- Born: July 6, 1965 (age 61) Chicago, IL
- Spouse: Heather Digilio (married 2009 - divorced 2011)
- Career
- Show: The Nick Digilio Show
- Station: 720 AM
- Network: WGN Radio
- Time slot: Monday - Friday 1am-5am (CT)

= Nick Digilio =

American movie critic and radio personality (born 1965)

Nick Digilio (born July 6, 1965) is an American movie critic and radio personality. He was the host of an award-winning radio program on WGN Radio in Chicago. In 2017, he was inducted into the WGN Radio Walk Of Fame.

==Life==
Digilio grew up about five blocks away from Wrigley Field in Chicago, Illinois. He attended Luther High School North and graduated in 1983. He also attended Columbia College Chicago where he studied film. He recently moved from the Andersonville and Albany Park neighborhoods to the Old Irving Park neighborhood of Chicago. Digilio is a theater director and actor, and a former member of the Factory Theater.
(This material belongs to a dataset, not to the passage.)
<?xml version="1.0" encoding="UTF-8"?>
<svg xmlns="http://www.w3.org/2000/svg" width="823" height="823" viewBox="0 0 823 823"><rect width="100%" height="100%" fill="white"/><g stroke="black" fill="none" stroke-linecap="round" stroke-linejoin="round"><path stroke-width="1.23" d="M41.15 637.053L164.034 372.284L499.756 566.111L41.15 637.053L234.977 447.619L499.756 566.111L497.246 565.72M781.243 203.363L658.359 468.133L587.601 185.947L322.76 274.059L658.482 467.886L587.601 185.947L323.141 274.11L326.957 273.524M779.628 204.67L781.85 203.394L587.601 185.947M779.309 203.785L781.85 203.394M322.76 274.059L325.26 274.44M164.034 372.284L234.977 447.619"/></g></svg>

He has been married and divorced.

== Radio career ==

===Early history at WGN===

Digilio began reviewing movies on the WGN Roy Leonard Show in 1985. His contributions to Roy's program led WGN Radio management to decide that he'd be a good permanent addition to the station. He soon became a regular on other WGN Radio programs, including Steve King and Johnnie Putman's Life After Dark program. He gained a reputation for his alternative and controversial play and movie reviews. For instance, he applauds the movies Critters, Friday the 13th Part 5, Joe Dirt, and Freddy Got Fingered, while he dislikes Ferris Bueller's Day Off and The Dark Knight. Digilio reviews all the new films on his own show.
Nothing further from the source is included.